A busca por formas de se aproximar de Gustavo levaram Luciana ao professor Rodrigo Brivio, que desde 2006 dá aulas de ginástica artística a crianças e adolescentes com autismo. Antes mesmo de completar 3 anos, Gustavo tornou-se um dos caçulas das turmas, que hoje tem cerca de 80 alunos. Foi um alento. "As principais mudanças são em comandos simples, aos quais ele não obedecia antes, como calçar o sapato", conta Luciana. A autonomia é um dos focos da aula do "tio" Rodrigo, como gosta de ser chamado pelas famílias dos alunos. "A aula começa antes de entrarmos no ginásio, quando a criança tira e guarda sozinha o sapato. Como a maioria, Gustavo só não fazia isso antes porque não era estimulado. Se você tem alguém que faça tudo, não vai se esforçar, seja criança ou adulto", diz o educador.
 
Durante a atividade, Gustavo sabe que depois de ouvir "um, dois, três", o "já" indica o momento de soltar as argolas para se jogar no colchão macio. Saber cumprir ordens também é importante. Veterana, a colega Helena, de 8 anos, anda pela barra de equilíbrio com a naturalidade de quem brinca nas costas do sofá de casa. Parece distraída. Mas quando chega ao final, aguarda a permissão para saltar. "Isso é uma superação. A ginástica é a atividade que me permite mostrar para todos: 'Olha como minha filha é capaz'", orgulha-se Valéria Mousinho Marques Fernandes, que leva a filha às aulas há três anos. Apesar das habilidades que a menina desenvolve, foi na comunicação verbal a maior mudança percebida pela família. "A primeira coisa que me impactou foi vê-la contar e pedir ajuda. Uma grande conquista."
 
Nada é forçado. As crianças aprendem de forma natural, como numa brincadeira. Não há vagas para novos alunos, simplesmente porque quem chega se recusa a sair – a faixa etária dos alunos hoje vai dos 2 aos 17 anos. Um dos motivos é a evolução progressiva, mas também a falta de profissionais especializados para trabalhar com autistas. "Não existem muitos Rodrigos por aí", lamenta Luciana. Marisa Furia Silva, presidente da Associação Brasileira de Autismo (Abra), concorda que a escassez de mão de obra é um problema e elogia iniciativas como a do professor carioca. "Tudo o que se faz com essas crianças é muito importante. E o esporte é fundamental para o desenvolvimento delas", observa a mãe de Renato, autista de 34 anos.
 
Paciência é essencial para esses profissionais. E amor. Quando recebeu a reportagem de VEJA, Rodrigo ainda exibia as marcas de arranhões no braço de um aluno do dia anterior. "Não adianta dizer que o trabalho é só maravilha.
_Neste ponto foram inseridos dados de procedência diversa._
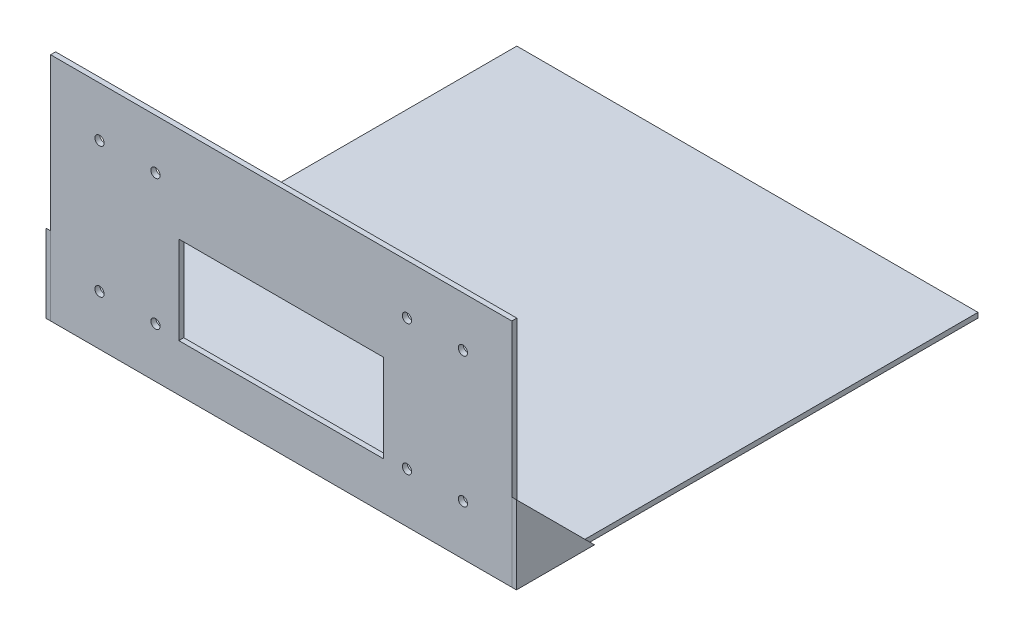
ISO-10303-21;
HEADER;
FILE_DESCRIPTION(('STEP AP214'),'2;1');
FILE_NAME('part.step','',(''),(''),'','','');
FILE_SCHEMA(('AUTOMOTIVE_DESIGN { 1 0 10303 214 1 1 1 1 }'));
ENDSEC;
DATA;
#1=APPLICATION_CONTEXT('core data for automotive mechanical design processes');
#2=APPLICATION_PROTOCOL_DEFINITION('international standard','automotive_design',2000,#1);
#3=PRODUCT_CONTEXT('',#1,'mechanical');
#4=PRODUCT('Part','Part','',(#3));
#5=PRODUCT_RELATED_PRODUCT_CATEGORY('part','',(#4));
#6=PRODUCT_DEFINITION_FORMATION('','',#4);
#7=PRODUCT_DEFINITION_CONTEXT('part definition',#1,'design');
#8=PRODUCT_DEFINITION('design','',#6,#7);
#9=PRODUCT_DEFINITION_SHAPE('','',#8);
#10=(LENGTH_UNIT() NAMED_UNIT(*) SI_UNIT(.MILLI.,.METRE.));
#11=(NAMED_UNIT(*) PLANE_ANGLE_UNIT() SI_UNIT($,.RADIAN.));
#12=(NAMED_UNIT(*) SI_UNIT($,.STERADIAN.) SOLID_ANGLE_UNIT());
#13=UNCERTAINTY_MEASURE_WITH_UNIT(LENGTH_MEASURE(1.E-05),#10,'distance_accuracy_value','');
#14=(GEOMETRIC_REPRESENTATION_CONTEXT(3) GLOBAL_UNCERTAINTY_ASSIGNED_CONTEXT((#13)) GLOBAL_UNIT_ASSIGNED_CONTEXT((#10,
#11,#12)) REPRESENTATION_CONTEXT('',''));
#15=CARTESIAN_POINT('',(0.,0.,0.));
#16=DIRECTION('',(0.,0.,1.));
#17=DIRECTION('',(1.,0.,0.));
#18=AXIS2_PLACEMENT_3D('',#15,#16,#17);
#19=CARTESIAN_POINT('',(-153.,0.,153.25));
#20=DIRECTION('',(0.,0.,1.));
#21=DIRECTION('',(-1.,0.,0.));
#22=AXIS2_PLACEMENT_3D('',#19,#20,#21);
#23=PLANE('',#22);
#24=DIRECTION('',(0.,1.,0.));
#25=VECTOR('',#24,1.);
#26=CARTESIAN_POINT('',(-150.,0.,153.25));
#27=LINE('',#26,#25);
#28=CARTESIAN_POINT('',(-150.,0.,153.25));
#29=VERTEX_POINT('',#28);
#30=CARTESIAN_POINT('',(-150.,50.8,153.25));
#31=VERTEX_POINT('',#30);
#32=EDGE_CURVE('E101',#29,#31,#27,.T.);
#33=ORIENTED_EDGE('',*,*,#32,.T.);
#34=DIRECTION('',(1.,0.,0.));
#35=VECTOR('',#34,1.);
#36=CARTESIAN_POINT('',(-153.,50.8,153.25));
#37=LINE('',#36,#35);
#38=CARTESIAN_POINT('',(-153.,50.8,153.25));
#39=VERTEX_POINT('',#38);
#40=EDGE_CURVE('E55',#39,#31,#37,.T.);
#41=ORIENTED_EDGE('',*,*,#40,.F.);
#42=DIRECTION('',(0.,1.,0.));
#43=VECTOR('',#42,1.);
#44=CARTESIAN_POINT('',(-153.,0.,153.25));
#45=LINE('',#44,#43);
#46=CARTESIAN_POINT('',(-153.,0.,153.25));
#47=VERTEX_POINT('',#46);
#48=EDGE_CURVE('E94',#47,#39,#45,.T.);
#49=ORIENTED_EDGE('',*,*,#48,.F.);
#50=DIRECTION('',(1.,0.,0.));
#51=VECTOR('',#50,1.);
#52=CARTESIAN_POINT('',(-153.,0.,153.25));
#53=LINE('',#52,#51);
#54=EDGE_CURVE('E12',#47,#29,#53,.T.);
#55=ORIENTED_EDGE('',*,*,#54,.T.);
#56=EDGE_LOOP('',(#33,#41,#49,#55));
#57=FACE_BOUND('',#56,.T.);
#58=ADVANCED_FACE('F52',(#57),#23,.T.);
#59=CARTESIAN_POINT('',(-153.,0.,102.45));
#60=DIRECTION('',(0.,-1.,0.));
#61=DIRECTION('',(0.,0.,-1.));
#62=AXIS2_PLACEMENT_3D('',#59,#60,#61);
#63=PLANE('',#62);
#64=DIRECTION('',(0.,0.,1.));
#65=VECTOR('',#64,1.);
#66=CARTESIAN_POINT('',(-150.,0.,102.45));
#67=LINE('',#66,#65);
#68=CARTESIAN_POINT('',(-150.,0.,102.45));
#69=VERTEX_POINT('',#68);
#70=EDGE_CURVE('E88',#69,#29,#67,.T.);
#71=ORIENTED_EDGE('',*,*,#70,.T.);
#72=ORIENTED_EDGE('',*,*,#54,.F.);
#73=DIRECTION('',(0.,0.,1.));
#74=VECTOR('',#73,1.);
#75=CARTESIAN_POINT('',(-153.,0.,102.45));
#76=LINE('',#75,#74);
#77=CARTESIAN_POINT('',(-153.,0.,102.45));
#78=VERTEX_POINT('',#77);
#79=EDGE_CURVE('E70',#78,#47,#76,.T.);
#80=ORIENTED_EDGE('',*,*,#79,.F.);
#81=DIRECTION('',(1.,0.,0.));
#82=VECTOR('',#81,1.);
#83=CARTESIAN_POINT('',(-153.,0.,102.45));
#84=LINE('',#83,#82);
#85=EDGE_CURVE('E61',#78,#69,#84,.T.);
#86=ORIENTED_EDGE('',*,*,#85,.T.);
#87=EDGE_LOOP('',(#71,#72,#80,#86));
#88=FACE_BOUND('',#87,.T.);
#89=ADVANCED_FACE('F106',(#88),#63,.T.);
#90=CARTESIAN_POINT('',(-153.,50.8,153.25));
#91=DIRECTION('',(0.,0.707106781186547,-0.707106781186548));
#92=DIRECTION('',(0.,0.707106781186548,0.707106781186547));
#93=AXIS2_PLACEMENT_3D('',#90,#91,#92);
#94=PLANE('',#93);
#95=DIRECTION('',(0.,-0.707106781186548,-0.707106781186547));
#96=VECTOR('',#95,1.);
#97=CARTESIAN_POINT('',(-150.,50.8,153.25));
#98=LINE('',#97,#96);
#99=EDGE_CURVE('E83',#31,#69,#98,.T.);
#100=ORIENTED_EDGE('',*,*,#99,.T.);
#101=ORIENTED_EDGE('',*,*,#85,.F.);
#102=DIRECTION('',(0.,-0.707106781186548,-0.707106781186547));
#103=VECTOR('',#102,1.);
#104=CARTESIAN_POINT('',(-153.,50.8,153.25));
#105=LINE('',#104,#103);
#106=EDGE_CURVE('E90',#39,#78,#105,.T.);
#107=ORIENTED_EDGE('',*,*,#106,.F.);
#108=ORIENTED_EDGE('',*,*,#40,.T.);
#109=EDGE_LOOP('',(#100,#101,#107,#108));
#110=FACE_BOUND('',#109,.T.);
#111=ADVANCED_FACE('F91',(#110),#94,.T.);
#112=CARTESIAN_POINT('',(-153.,0.,0.));
#113=DIRECTION('',(-1.,0.,0.));
#114=DIRECTION('',(0.,0.,-1.));
#115=AXIS2_PLACEMENT_3D('',#112,#113,#114);
#116=PLANE('',#115);
#117=ORIENTED_EDGE('',*,*,#48,.T.);
#118=ORIENTED_EDGE('',*,*,#106,.T.);
#119=ORIENTED_EDGE('',*,*,#79,.T.);
#120=EDGE_LOOP('',(#117,#118,#119));
#121=FACE_BOUND('',#120,.T.);
#122=ADVANCED_FACE('F97',(#121),#116,.T.);
#123=CARTESIAN_POINT('',(-150.,0.,0.));
#124=DIRECTION('',(-1.,0.,0.));
#125=DIRECTION('',(0.,0.,-1.));
#126=AXIS2_PLACEMENT_3D('',#123,#124,#125);
#127=PLANE('',#126);
#128=ORIENTED_EDGE('',*,*,#32,.F.);
#129=ORIENTED_EDGE('',*,*,#70,.F.);
#130=ORIENTED_EDGE('',*,*,#99,.F.);
#131=EDGE_LOOP('',(#128,#129,#130));
#132=FACE_BOUND('',#131,.T.);
#133=ADVANCED_FACE('F108',(#132),#127,.F.);
#134=CLOSED_SHELL('',(#58,#89,#111,#122,#133));
#135=MANIFOLD_SOLID_BREP('B2',#134);
#136=CARTESIAN_POINT('',(153.,0.,153.25));
#137=DIRECTION('',(0.,0.,1.));
#138=DIRECTION('',(1.,0.,0.));
#139=AXIS2_PLACEMENT_3D('',#136,#137,#138);
#140=PLANE('',#139);
#141=DIRECTION('',(0.,1.,0.));
#142=VECTOR('',#141,1.);
#143=CARTESIAN_POINT('',(150.,0.,153.25));
#144=LINE('',#143,#142);
#145=CARTESIAN_POINT('',(150.,0.,153.25));
#146=VERTEX_POINT('',#145);
#147=CARTESIAN_POINT('',(150.,50.8,153.25));
#148=VERTEX_POINT('',#147);
#149=EDGE_CURVE('E212',#146,#148,#144,.T.);
#150=ORIENTED_EDGE('',*,*,#149,.F.);
#151=DIRECTION('',(-1.,0.,0.));
#152=VECTOR('',#151,1.);
#153=CARTESIAN_POINT('',(153.,0.,153.25));
#154=LINE('',#153,#152);
#155=CARTESIAN_POINT('',(153.,0.,153.25));
#156=VERTEX_POINT('',#155);
#157=EDGE_CURVE('E50',#156,#146,#154,.T.);
#158=ORIENTED_EDGE('',*,*,#157,.F.);
#159=DIRECTION('',(0.,1.,0.));
#160=VECTOR('',#159,1.);
#161=CARTESIAN_POINT('',(153.,0.,153.25));
#162=LINE('',#161,#160);
#163=CARTESIAN_POINT('',(153.,50.8,153.25));
#164=VERTEX_POINT('',#163);
#165=EDGE_CURVE('E204',#156,#164,#162,.T.);
#166=ORIENTED_EDGE('',*,*,#165,.T.);
#167=DIRECTION('',(-1.,0.,0.));
#168=VECTOR('',#167,1.);
#169=CARTESIAN_POINT('',(153.,50.8,153.25));
#170=LINE('',#169,#168);
#171=EDGE_CURVE('E163',#164,#148,#170,.T.);
#172=ORIENTED_EDGE('',*,*,#171,.T.);
#173=EDGE_LOOP('',(#150,#158,#166,#172));
#174=FACE_BOUND('',#173,.T.);
#175=ADVANCED_FACE('F160',(#174),#140,.T.);
#176=CARTESIAN_POINT('',(153.,0.,102.45));
#177=DIRECTION('',(0.,-1.,0.));
#178=DIRECTION('',(0.,0.,-1.));
#179=AXIS2_PLACEMENT_3D('',#176,#177,#178);
#180=PLANE('',#179);
#181=DIRECTION('',(0.,0.,1.));
#182=VECTOR('',#181,1.);
#183=CARTESIAN_POINT('',(150.,0.,102.45));
#184=LINE('',#183,#182);
#185=CARTESIAN_POINT('',(150.,0.,102.45));
#186=VERTEX_POINT('',#185);
#187=EDGE_CURVE('E206',#186,#146,#184,.T.);
#188=ORIENTED_EDGE('',*,*,#187,.F.);
#189=DIRECTION('',(-1.,0.,0.));
#190=VECTOR('',#189,1.);
#191=CARTESIAN_POINT('',(153.,0.,102.45));
#192=LINE('',#191,#190);
#193=CARTESIAN_POINT('',(153.,0.,102.45));
#194=VERTEX_POINT('',#193);
#195=EDGE_CURVE('E169',#194,#186,#192,.T.);
#196=ORIENTED_EDGE('',*,*,#195,.F.);
#197=DIRECTION('',(0.,0.,1.));
#198=VECTOR('',#197,1.);
#199=CARTESIAN_POINT('',(153.,0.,102.45));
#200=LINE('',#199,#198);
#201=EDGE_CURVE('E201',#194,#156,#200,.T.);
#202=ORIENTED_EDGE('',*,*,#201,.T.);
#203=ORIENTED_EDGE('',*,*,#157,.T.);
#204=EDGE_LOOP('',(#188,#196,#202,#203));
#205=FACE_BOUND('',#204,.T.);
#206=ADVANCED_FACE('F216',(#205),#180,.T.);
#207=CARTESIAN_POINT('',(153.,50.8,153.25));
#208=DIRECTION('',(0.,0.707106781186547,-0.707106781186548));
#209=DIRECTION('',(0.,0.707106781186548,0.707106781186547));
#210=AXIS2_PLACEMENT_3D('',#207,#208,#209);
#211=PLANE('',#210);
#212=DIRECTION('',(0.,-0.707106781186548,-0.707106781186547));
#213=VECTOR('',#212,1.);
#214=CARTESIAN_POINT('',(150.,50.8,153.25));
#215=LINE('',#214,#213);
#216=EDGE_CURVE('E199',#148,#186,#215,.T.);
#217=ORIENTED_EDGE('',*,*,#216,.F.);
#218=ORIENTED_EDGE('',*,*,#171,.F.);
#219=DIRECTION('',(0.,-0.707106781186548,-0.707106781186547));
#220=VECTOR('',#219,1.);
#221=CARTESIAN_POINT('',(153.,50.8,153.25));
#222=LINE('',#221,#220);
#223=EDGE_CURVE('E197',#164,#194,#222,.T.);
#224=ORIENTED_EDGE('',*,*,#223,.T.);
#225=ORIENTED_EDGE('',*,*,#195,.T.);
#226=EDGE_LOOP('',(#217,#218,#224,#225));
#227=FACE_BOUND('',#226,.T.);
#228=ADVANCED_FACE('F196',(#227),#211,.T.);
#229=CARTESIAN_POINT('',(153.,0.,0.));
#230=DIRECTION('',(1.,0.,0.));
#231=DIRECTION('',(0.,0.,-1.));
#232=AXIS2_PLACEMENT_3D('',#229,#230,#231);
#233=PLANE('',#232);
#234=ORIENTED_EDGE('',*,*,#165,.F.);
#235=ORIENTED_EDGE('',*,*,#201,.F.);
#236=ORIENTED_EDGE('',*,*,#223,.F.);
#237=EDGE_LOOP('',(#234,#235,#236));
#238=FACE_BOUND('',#237,.T.);
#239=ADVANCED_FACE('F203',(#238),#233,.T.);
#240=CARTESIAN_POINT('',(150.,0.,0.));
#241=DIRECTION('',(1.,0.,0.));
#242=DIRECTION('',(0.,0.,-1.));
#243=AXIS2_PLACEMENT_3D('',#240,#241,#242);
#244=PLANE('',#243);
#245=ORIENTED_EDGE('',*,*,#149,.T.);
#246=ORIENTED_EDGE('',*,*,#216,.T.);
#247=ORIENTED_EDGE('',*,*,#187,.T.);
#248=EDGE_LOOP('',(#245,#246,#247));
#249=FACE_BOUND('',#248,.T.);
#250=ADVANCED_FACE('F215',(#249),#244,.F.);
#251=CLOSED_SHELL('',(#175,#206,#228,#239,#250));
#252=MANIFOLD_SOLID_BREP('B6',#251);
#253=CARTESIAN_POINT('',(150.,0.,153.25));
#254=DIRECTION('',(-1.,0.,0.));
#255=DIRECTION('',(0.,0.,1.));
#256=AXIS2_PLACEMENT_3D('',#253,#254,#255);
#257=PLANE('',#256);
#258=DIRECTION('',(0.,1.,0.));
#259=VECTOR('',#258,1.);
#260=CARTESIAN_POINT('',(150.,0.,150.));
#261=LINE('',#260,#259);
#262=CARTESIAN_POINT('',(150.,0.,150.));
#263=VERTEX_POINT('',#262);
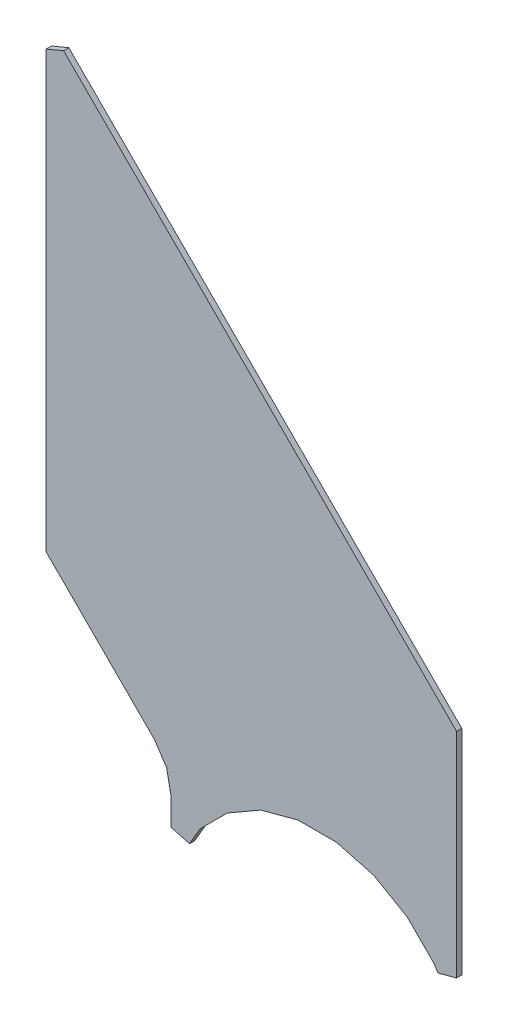
ISO-10303-21;
HEADER;
FILE_DESCRIPTION(('STEP AP214'),'2;1');
FILE_NAME('part.step','',(''),(''),'','','');
FILE_SCHEMA(('AUTOMOTIVE_DESIGN { 1 0 10303 214 1 1 1 1 }'));
ENDSEC;
DATA;
#1=APPLICATION_CONTEXT('core data for automotive mechanical design processes');
#2=APPLICATION_PROTOCOL_DEFINITION('international standard','automotive_design',2000,#1);
#3=PRODUCT_CONTEXT('',#1,'mechanical');
#4=PRODUCT('Part','Part','',(#3));
#5=PRODUCT_RELATED_PRODUCT_CATEGORY('part','',(#4));
#6=PRODUCT_DEFINITION_FORMATION('','',#4);
#7=PRODUCT_DEFINITION_CONTEXT('part definition',#1,'design');
#8=PRODUCT_DEFINITION('design','',#6,#7);
#9=PRODUCT_DEFINITION_SHAPE('','',#8);
#10=(LENGTH_UNIT() NAMED_UNIT(*) SI_UNIT(.MILLI.,.METRE.));
#11=(NAMED_UNIT(*) PLANE_ANGLE_UNIT() SI_UNIT($,.RADIAN.));
#12=(NAMED_UNIT(*) SI_UNIT($,.STERADIAN.) SOLID_ANGLE_UNIT());
#13=UNCERTAINTY_MEASURE_WITH_UNIT(LENGTH_MEASURE(1.E-05),#10,'distance_accuracy_value','');
#14=(GEOMETRIC_REPRESENTATION_CONTEXT(3) GLOBAL_UNCERTAINTY_ASSIGNED_CONTEXT((#13)) GLOBAL_UNIT_ASSIGNED_CONTEXT((#10,
#11,#12)) REPRESENTATION_CONTEXT('',''));
#15=CARTESIAN_POINT('',(0.,0.,0.));
#16=DIRECTION('',(0.,0.,1.));
#17=DIRECTION('',(1.,0.,0.));
#18=AXIS2_PLACEMENT_3D('',#15,#16,#17);
#19=CARTESIAN_POINT('',(87.1669998168945,97.3010025024414,0.));
#20=DIRECTION('',(0.383538164462081,-0.923525027490354,0.));
#21=DIRECTION('',(-0.923525027490354,-0.383538164462081,0.));
#22=AXIS2_PLACEMENT_3D('',#19,#20,#21);
#23=PLANE('',#22);
#24=DIRECTION('',(-0.923525027490354,-0.383538164462081,0.));
#25=VECTOR('',#24,1.);
#26=CARTESIAN_POINT('',(87.1669998168945,97.3010025024414,0.03556));
#27=LINE('',#26,#25);
#28=CARTESIAN_POINT('',(87.1669998168945,97.3010025024414,0.03556));
#29=VERTEX_POINT('',#28);
#30=CARTESIAN_POINT('',(87.0490036010742,97.2519989013672,0.03556));
#31=VERTEX_POINT('',#30);
#32=EDGE_CURVE('E11',#29,#31,#27,.T.);
#33=ORIENTED_EDGE('',*,*,#32,.F.);
#34=DIRECTION('',(0.,0.,1.));
#35=VECTOR('',#34,1.);
#36=CARTESIAN_POINT('',(87.1669998168945,97.3010025024414,0.));
#37=LINE('',#36,#35);
#38=CARTESIAN_POINT('',(87.1669998168945,97.3010025024414,0.));
#39=VERTEX_POINT('',#38);
#40=EDGE_CURVE('E24',#39,#29,#37,.T.);
#41=ORIENTED_EDGE('',*,*,#40,.F.);
#42=DIRECTION('',(-0.923525027490354,-0.383538164462081,0.));
#43=VECTOR('',#42,1.);
#44=CARTESIAN_POINT('',(87.1669998168945,97.3010025024414,0.));
#45=LINE('',#44,#43);
#46=CARTESIAN_POINT('',(87.0490036010742,97.2519989013672,0.));
#47=VERTEX_POINT('',#46);
#48=EDGE_CURVE('E166',#39,#47,#45,.T.);
#49=ORIENTED_EDGE('',*,*,#48,.T.);
#50=DIRECTION('',(0.,0.,1.));
#51=VECTOR('',#50,1.);
#52=CARTESIAN_POINT('',(87.0490036010742,97.2519989013672,0.));
#53=LINE('',#52,#51);
#54=EDGE_CURVE('E37',#47,#31,#53,.T.);
#55=ORIENTED_EDGE('',*,*,#54,.T.);
#56=EDGE_LOOP('',(#33,#41,#49,#55));
#57=FACE_BOUND('',#56,.T.);
#58=ADVANCED_FACE('F17',(#57),#23,.F.);
#59=CARTESIAN_POINT('',(87.0490036010742,97.2519989013672,0.));
#60=DIRECTION('',(1.,0.,0.));
#61=DIRECTION('',(0.,-1.,0.));
#62=AXIS2_PLACEMENT_3D('',#59,#60,#61);
#63=PLANE('',#62);
#64=DIRECTION('',(0.,-1.,0.));
#65=VECTOR('',#64,1.);
#66=CARTESIAN_POINT('',(87.0490036010742,97.2519989013672,0.03556));
#67=LINE('',#66,#65);
#68=CARTESIAN_POINT('',(87.0490036010742,94.2910003662109,0.03556));
#69=VERTEX_POINT('',#68);
#70=EDGE_CURVE('E294',#31,#69,#67,.T.);
#71=ORIENTED_EDGE('',*,*,#70,.F.);
#72=ORIENTED_EDGE('',*,*,#54,.F.);
#73=DIRECTION('',(0.,-1.,0.));
#74=VECTOR('',#73,1.);
#75=CARTESIAN_POINT('',(87.0490036010742,97.2519989013672,0.));
#76=LINE('',#75,#74);
#77=CARTESIAN_POINT('',(87.0490036010742,94.2910003662109,0.));
#78=VERTEX_POINT('',#77);
#79=EDGE_CURVE('E291',#47,#78,#76,.T.);
#80=ORIENTED_EDGE('',*,*,#79,.T.);
#81=DIRECTION('',(0.,0.,1.));
#82=VECTOR('',#81,1.);
#83=CARTESIAN_POINT('',(87.0490036010742,94.2910003662109,0.));
#84=LINE('',#83,#82);
#85=EDGE_CURVE('E289',#78,#69,#84,.T.);
#86=ORIENTED_EDGE('',*,*,#85,.T.);
#87=EDGE_LOOP('',(#71,#72,#80,#86));
#88=FACE_BOUND('',#87,.T.);
#89=ADVANCED_FACE('F302',(#88),#63,.F.);
#90=CARTESIAN_POINT('',(87.0490036010742,94.2910003662109,0.));
#91=DIRECTION('',(0.707106781186548,0.707106781186548,0.));
#92=DIRECTION('',(0.707106781186548,-0.707106781186548,0.));
#93=AXIS2_PLACEMENT_3D('',#90,#91,#92);
#94=PLANE('',#93);
#95=DIRECTION('',(0.707106781186548,-0.707106781186548,0.));
#96=VECTOR('',#95,1.);
#97=CARTESIAN_POINT('',(87.0490036010742,94.2910003662109,0.03556));
#98=LINE('',#97,#96);
#99=CARTESIAN_POINT('',(87.7850036621094,93.5550003051758,0.03556));
#100=VERTEX_POINT('',#99);
#101=EDGE_CURVE('E286',#69,#100,#98,.T.);
#102=ORIENTED_EDGE('',*,*,#101,.F.);
#103=ORIENTED_EDGE('',*,*,#85,.F.);
#104=DIRECTION('',(0.707106781186548,-0.707106781186548,0.));
#105=VECTOR('',#104,1.);
#106=CARTESIAN_POINT('',(87.0490036010742,94.2910003662109,0.));
#107=LINE('',#106,#105);
#108=CARTESIAN_POINT('',(87.7850036621094,93.5550003051758,0.));
#109=VERTEX_POINT('',#108);
#110=EDGE_CURVE('E283',#78,#109,#107,.T.);
#111=ORIENTED_EDGE('',*,*,#110,.T.);
#112=DIRECTION('',(0.,0.,1.));
#113=VECTOR('',#112,1.);
#114=CARTESIAN_POINT('',(87.7850036621094,93.5550003051758,0.));
#115=LINE('',#114,#113);
#116=EDGE_CURVE('E281',#109,#100,#115,.T.);
#117=ORIENTED_EDGE('',*,*,#116,.T.);
#118=EDGE_LOOP('',(#102,#103,#111,#117));
#119=FACE_BOUND('',#118,.T.);
#120=ADVANCED_FACE('F308',(#119),#94,.F.);
#121=CARTESIAN_POINT('',(87.7850036621094,93.5550003051758,0.));
#122=DIRECTION('',(0.832074114077194,0.554664464953951,0.));
#123=DIRECTION('',(0.554664464953951,-0.832074114077194,0.));
#124=AXIS2_PLACEMENT_3D('',#121,#122,#123);
#125=PLANE('',#124);
#126=DIRECTION('',(0.554664464953951,-0.832074114077194,0.));
#127=VECTOR('',#126,1.);
#128=CARTESIAN_POINT('',(87.7850036621094,93.5550003051758,0.03556));
#129=LINE('',#128,#127);
#130=CARTESIAN_POINT('',(87.8669967651367,93.431999206543,0.03556));
#131=VERTEX_POINT('',#130);
#132=EDGE_CURVE('E278',#100,#131,#129,.T.);
#133=ORIENTED_EDGE('',*,*,#132,.F.);
#134=ORIENTED_EDGE('',*,*,#116,.F.);
#135=DIRECTION('',(0.554664464953951,-0.832074114077194,0.));
#136=VECTOR('',#135,1.);
#137=CARTESIAN_POINT('',(87.7850036621094,93.5550003051758,0.));
#138=LINE('',#137,#136);
#139=CARTESIAN_POINT('',(87.8669967651367,93.431999206543,0.));
#140=VERTEX_POINT('',#139);
#141=EDGE_CURVE('E275',#109,#140,#138,.T.);
#142=ORIENTED_EDGE('',*,*,#141,.T.);
#143=DIRECTION('',(0.,0.,1.));
#144=VECTOR('',#143,1.);
#145=CARTESIAN_POINT('',(87.8669967651367,93.431999206543,0.));
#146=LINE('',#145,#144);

Não é. Mas gosto muito do que eu faço. Vejo que através do carinho, de um abraço, a gente consegue muita coisa", ressalta o educador. "Sem demagogia, trato todos como se fossem meus filhos. Tenho uma carga muito grande de responsabilidade com essas famílias", afirma. Uma de suas missões, acredita ele, é ajudar os pais a preparar filhos autistas para a vida adulta. "Minha filha precisa estar pronta para quando eu e o pai dela não estivermos mais aqui", diz a mãe de Helena.